━━━ Data in this exercise ━━━

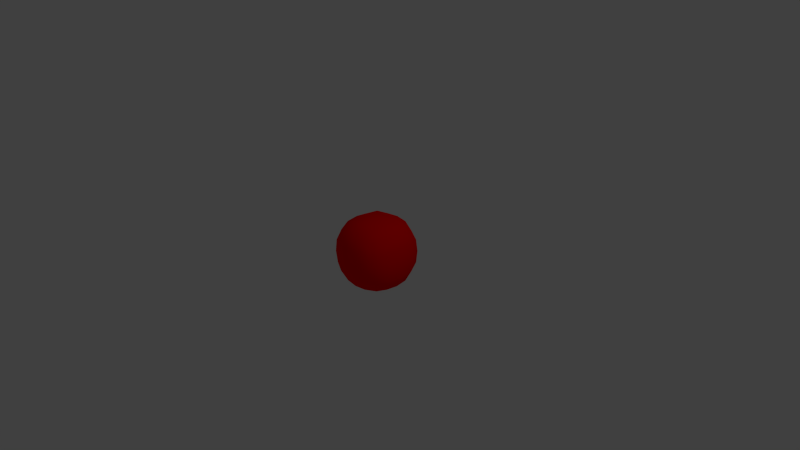 # Source: effect.blend  (saved by Blender 2.56.1; exported with 4.5.12 LTS)
import bpy
from mathutils import Matrix  # noqa: F401  (used for matrix-valued properties, if any)

bpy.ops.wm.read_factory_settings(use_empty=True)
scene = bpy.context.scene
scene.name = 'Effect.Test'

# ---- collections
col_collection_1 = bpy.data.collections.new('Collection 1'); scene.collection.children.link(col_collection_1)

# ---- materials (node trees are filled in below, after node groups)
mat_material = bpy.data.materials.new('Material')
mat_material.alpha_threshold = 0.0
mat_material.use_transparent_shadow = False
mat_material.diffuse_color = (1.0, 0.0, 0.0, 1.0)
mat_material.roughness = 0.5
mat_material.line_color = (0.0, 0.0, 0.0, 1.0)

# ---- material node trees

# ---- world
world_world = bpy.data.worlds.new('World'); scene.world = world_world
world_world.color = (0.05088, 0.05088, 0.05088)
world_world.use_sun_shadow = False
world_world.sun_shadow_jitter_overblur = 0.0
world_world.cycles.sampling_method = 'MANUAL'
world_world.cycles.sample_map_resolution = 256

# ---- cameras
cam_camera = bpy.data.cameras.new('Camera')
cam_camera.clip_end = 100.0
cam_camera.lens = 35.0
cam_camera.ortho_scale = 7.314
cam_camera.dof.focus_distance = 0.0
cam_camera.dof.aperture_fstop = 128.0

# ---- lights
light_lamp = bpy.data.lights.new('Lamp', 'POINT')
light_lamp.transmission_factor = 0.0
light_lamp.cutoff_distance = 30.0
light_lamp.energy = 100.0
light_lamp.shadow_buffer_clip_start = 1.001
light_lamp.shadow_soft_size = 1.0
light_lamp.shadow_maximum_resolution = 0.006
light_lamp.use_absolute_resolution = True
light_lamp.cycles.use_multiple_importance_sampling = False

# ---- meshes
me_cube = bpy.data.meshes.new('Cube')
me_cube.from_pydata([(0.3497, 0.3497, -0.3497), (0.3497, -0.3497, -0.3497), (-0.3497, -0.3497, -0.3497), (-0.3497, 0.3497, -0.3497), (0.3497, 0.3497, 0.3497), (0.3497, -0.3497, 0.3497), (-0.3497, -0.3497, 0.3497), (-0.3497, 0.3497, 0.3497), (0.4177, -2.717e-08, -0.4177), (2.279e-08, 0.4177, -0.4177), (0.4177, 0.4177, 3.955e-10), (-1.844e-08, -0.4177, -0.4177), (0.4177, -0.4177, 3.955e-10), (-0.4177, 8.266e-08, -0.4177), (-0.4177, -0.4177, 3.955e-10), (-0.4177, 0.4177, 3.955e-10), (0.4177, -1.604e-07, 0.4177), (3.754e-08, 0.4177, 0.4177), (-1.786e-07, -0.4177, 0.4177), (-0.4177, 4.098e-08, 0.4177), (2.174e-09, 3.535e-08, -0.5397), (-6.621e-08, -5.972e-08, 0.5397), (0.5397, -9.38e-08, -6.875e-09), (-9.853e-08, -0.5397, 7.666e-09), (-0.5397, 6.182e-08, 7.666e-09), (3.016e-08, 0.5397, -1.778e-08), (0.404, 0.1852, -0.404), (0.404, -0.1852, -0.404), (0.1852, 0.404, -0.404), (-0.1852, 0.404, -0.404), (0.404, 0.404, -0.1852), (0.404, 0.404, 0.1852), (0.1852, -0.404, -0.404), (-0.1852, -0.404, -0.404), (0.404, -0.404, -0.1852), (0.404, -0.404, 0.1852), (-0.404, -0.1852, -0.404), (-0.404, 0.1852, -0.404), (-0.404, -0.404, -0.1852), (-0.404, -0.404, 0.1852), (-0.404, 0.404, -0.1852), (-0.404, 0.404, 0.1852), (0.404, 0.1852, 0.404), (0.404, -0.1852, 0.404), (0.1852, 0.404, 0.404), (-0.1852, 0.404, 0.404), (0.1852, -0.404, 0.404), (-0.1852, -0.404, 0.404), (-0.404, -0.1852, 0.404), (-0.404, 0.1852, 0.404), (-1.097e-08, -0.2305, -0.5181), (0.2305, 1.795e-09, -0.5181), (1.615e-08, 0.2305, -0.5181), (-0.2305, 6.295e-08, -0.5181), (-0.2305, -5.72e-09, 0.5181), (-1.082e-08, 0.2305, 0.5181), (0.2305, -1.175e-07, 0.5181), (-1.292e-07, -0.2305, 0.5181), (0.5181, -1.387e-07, 0.2305), (0.5181, 0.2305, -1.045e-09), (0.5181, -6.719e-08, -0.2305), (0.5181, -0.2305, -2.942e-09), (-1.491e-07, -0.5181, 0.2305), (0.2305, -0.5181, 2.196e-09), (-6.545e-08, -0.5181, -0.2305), (-0.2305, -0.5181, -2.429e-10), (-0.5181, 5.832e-08, 0.2305), (-0.5181, -0.2305, -3.851e-10), (-0.5181, 7.916e-08, -0.2305), (-0.5181, 0.2305, 3.138e-09), (3.298e-08, 0.5181, -0.2305), (0.2305, 0.5181, -4.65e-09), (4.063e-08, 0.5181, 0.2305), (-0.2305, 0.5181, -5.463e-09), (0.2227, -0.2199, -0.4955), (0.2227, 0.2199, -0.4955), (-0.2227, -0.2199, -0.4955), (-0.2227, 0.2199, -0.4955), (-0.2199, 0.2227, 0.4955), (0.2199, 0.2227, 0.4955), (-0.2199, -0.2227, 0.4955), (0.2199, -0.2227, 0.4955), (0.4955, 0.2227, 0.2199), (0.4955, 0.2227, -0.2199), (0.4955, -0.2227, 0.2199), (0.4955, -0.2227, -0.2199), (0.2227, -0.4955, 0.2199), (0.2227, -0.4955, -0.2199), (-0.2227, -0.4955, 0.2199), (-0.2227, -0.4955, -0.2199), (-0.4955, -0.2227, 0.2199), (-0.4955, -0.2227, -0.2199), (-0.4955, 0.2227, 0.2199), (-0.4955, 0.2227, -0.2199), (0.2227, 0.4955, -0.2199), (0.2227, 0.4955, 0.2199), (-0.2227, 0.4955, -0.2199), (-0.2227, 0.4955, 0.2199)], [], [(27, 1, 32, 74), (8, 27, 74, 51), (74, 32, 11, 50), (51, 74, 50, 20), (26, 8, 51, 75), (0, 26, 75, 28), (75, 51, 20, 52), (28, 75, 52, 9), (50, 11, 33, 76), (20, 50, 76, 53), (76, 33, 2, 36), (53, 76, 36, 13), (52, 20, 53, 77), (9, 52, 77, 29), (77, 53, 13, 37), (29, 77, 37, 3), (45, 7, 49, 78), (17, 45, 78, 55), (78, 49, 19, 54), (55, 78, 54, 21), (44, 17, 55, 79), (4, 44, 79, 42), (79, 55, 21, 56), (42, 79, 56, 16), (54, 19, 48, 80), (21, 54, 80, 57), (80, 48, 6, 47), (57, 80, 47, 18), (56, 21, 57, 81), (16, 56, 81, 43), (81, 57, 18, 46), (43, 81, 46, 5), (31, 4, 42, 82), (10, 31, 82, 59), (82, 42, 16, 58), (59, 82, 58, 22), (30, 10, 59, 83), (0, 30, 83, 26), (83, 59, 22, 60), (26, 83, 60, 8), (58, 16, 43, 84), (22, 58, 84, 61), (84, 43, 5, 35), (61, 84, 35, 12), (60, 22, 61, 85), (8, 60, 85, 27), (85, 61, 12, 34), (27, 85, 34, 1), (35, 5, 46, 86), (12, 35, 86, 63), (86, 46, 18, 62), (63, 86, 62, 23), (34, 12, 63, 87), (1, 34, 87, 32), (87, 63, 23, 64), (32, 87, 64, 11), (62, 18, 47, 88), (23, 62, 88, 65), (88, 47, 6, 39), (65, 88, 39, 14), (64, 23, 65, 89), (11, 64, 89, 33), (89, 65, 14, 38), (33, 89, 38, 2), (39, 6, 48, 90), (14, 39, 90, 67), (90, 48, 19, 66), (67, 90, 66, 24), (38, 14, 67, 91), (2, 38, 91, 36), (91, 67, 24, 68), (36, 91, 68, 13), (66, 19, 49, 92), (24, 66, 92, 69), (92, 49, 7, 41), (69, 92, 41, 15), (68, 24, 69, 93), (13, 68, 93, 37), (93, 69, 15, 40), (37, 93, 40, 3), (30, 0, 28, 94), (10, 30, 94, 71), (94, 28, 9, 70), (71, 94, 70, 25), (31, 10, 71, 95), (4, 31, 95, 44), (95, 71, 25, 72), (44, 95, 72, 17), (70, 9, 29, 96), (25, 70, 96, 73), (96, 29, 3, 40), (73, 96, 40, 15), (72, 25, 73, 97), (17, 72, 97, 45), (97, 73, 15, 41), (45, 97, 41, 7)])
me_cube.polygons.foreach_set('use_smooth', [True] * 96)
me_cube.materials.append(mat_material)
me_cube.use_remesh_preserve_volume = False
me_cube.use_remesh_preserve_attributes = False
me_cube.use_mirror_vertex_groups = False
me_cube.update()

# ---- objects
ob_test = bpy.data.objects.new('Test', me_cube)
ob_lamp = bpy.data.objects.new('Lamp', light_lamp)
ob_camera = bpy.data.objects.new('Camera', cam_camera)

# ---- transforms, parenting, visibility, modifiers, constraints
ob_test.location = (0.0, 0.0, 0.0)
ob_test.lock_rotations_4d = False
ob_test.empty_display_type = 'ARROWS'
ob_test.lineart.crease_threshold = 0.0
ob_lamp.location = (4.076, 1.005, 5.904)
ob_lamp.rotation_euler = (0.6503, 0.05522, 1.866)
ob_lamp.lock_rotations_4d = False
ob_lamp.empty_display_type = 'ARROWS'
ob_lamp.color = (0.0, 0.0, 0.0, 0.0)
ob_lamp.lineart.crease_threshold = 0.0
ob_camera.location = (7.481, -6.508, 5.344)
ob_camera.rotation_euler = (1.109, 0.01082, 0.8149)
ob_camera.lock_rotations_4d = False
ob_camera.empty_display_type = 'ARROWS'
ob_camera.color = (0.0, 0.0, 0.0, 0.0)
ob_camera.display_type = 'WIRE'
ob_camera.lineart.crease_threshold = 0.0

# ---- collection membership
col_collection_1.objects.link(ob_test)
col_collection_1.objects.link(ob_lamp)
col_collection_1.objects.link(ob_camera)

# ---- scene / render settings (as saved in the file)
scene.camera = ob_camera
scene.frame_start = 1; scene.frame_end = 250; scene.frame_set(1)
scene.render.engine = 'BLENDER_EEVEE_NEXT'
scene.render.image_settings.color_mode = 'RGB'
scene.render.image_settings.compression = 90
scene.render.resolution_percentage = 50
scene.render.dither_intensity = 0.0
scene.render.bake_margin = 2
scene.render.bake_bias = 0.0
scene.cycles.use_denoising = False
scene.cycles.samples = 10
scene.cycles.sampling_pattern = 'TABULATED_SOBOL'
scene.cycles.light_sampling_threshold = 0.0
scene.cycles.use_adaptive_sampling = False
scene.cycles.use_light_tree = False
scene.cycles.blur_glossy = 0.0
scene.cycles.volume_bounces = 1
scene.cycles.pixel_filter_type = 'GAUSSIAN'
scene.cycles.sample_clamp_indirect = 0.0
scene.view_settings.view_transform = 'Standard'
bpy.context.view_layer.update()

━━━

### How to complete this task:
Only one thing belongs in the reply: the exact lines of the listing above, from the one with "scene.cycles.use_adaptive_sampling = False" through its last line.

### Written answer:
scene.cycles.use_adaptive_sampling = False
scene.cycles.use_light_tree = False
scene.cycles.blur_glossy = 0.0
scene.cycles.volume_bounces = 1
scene.cycles.pixel_filter_type = 'GAUSSIAN'
scene.cycles.sample_clamp_indirect = 0.0
scene.view_settings.view_transform = 'Standard'
bpy.context.view_layer.update()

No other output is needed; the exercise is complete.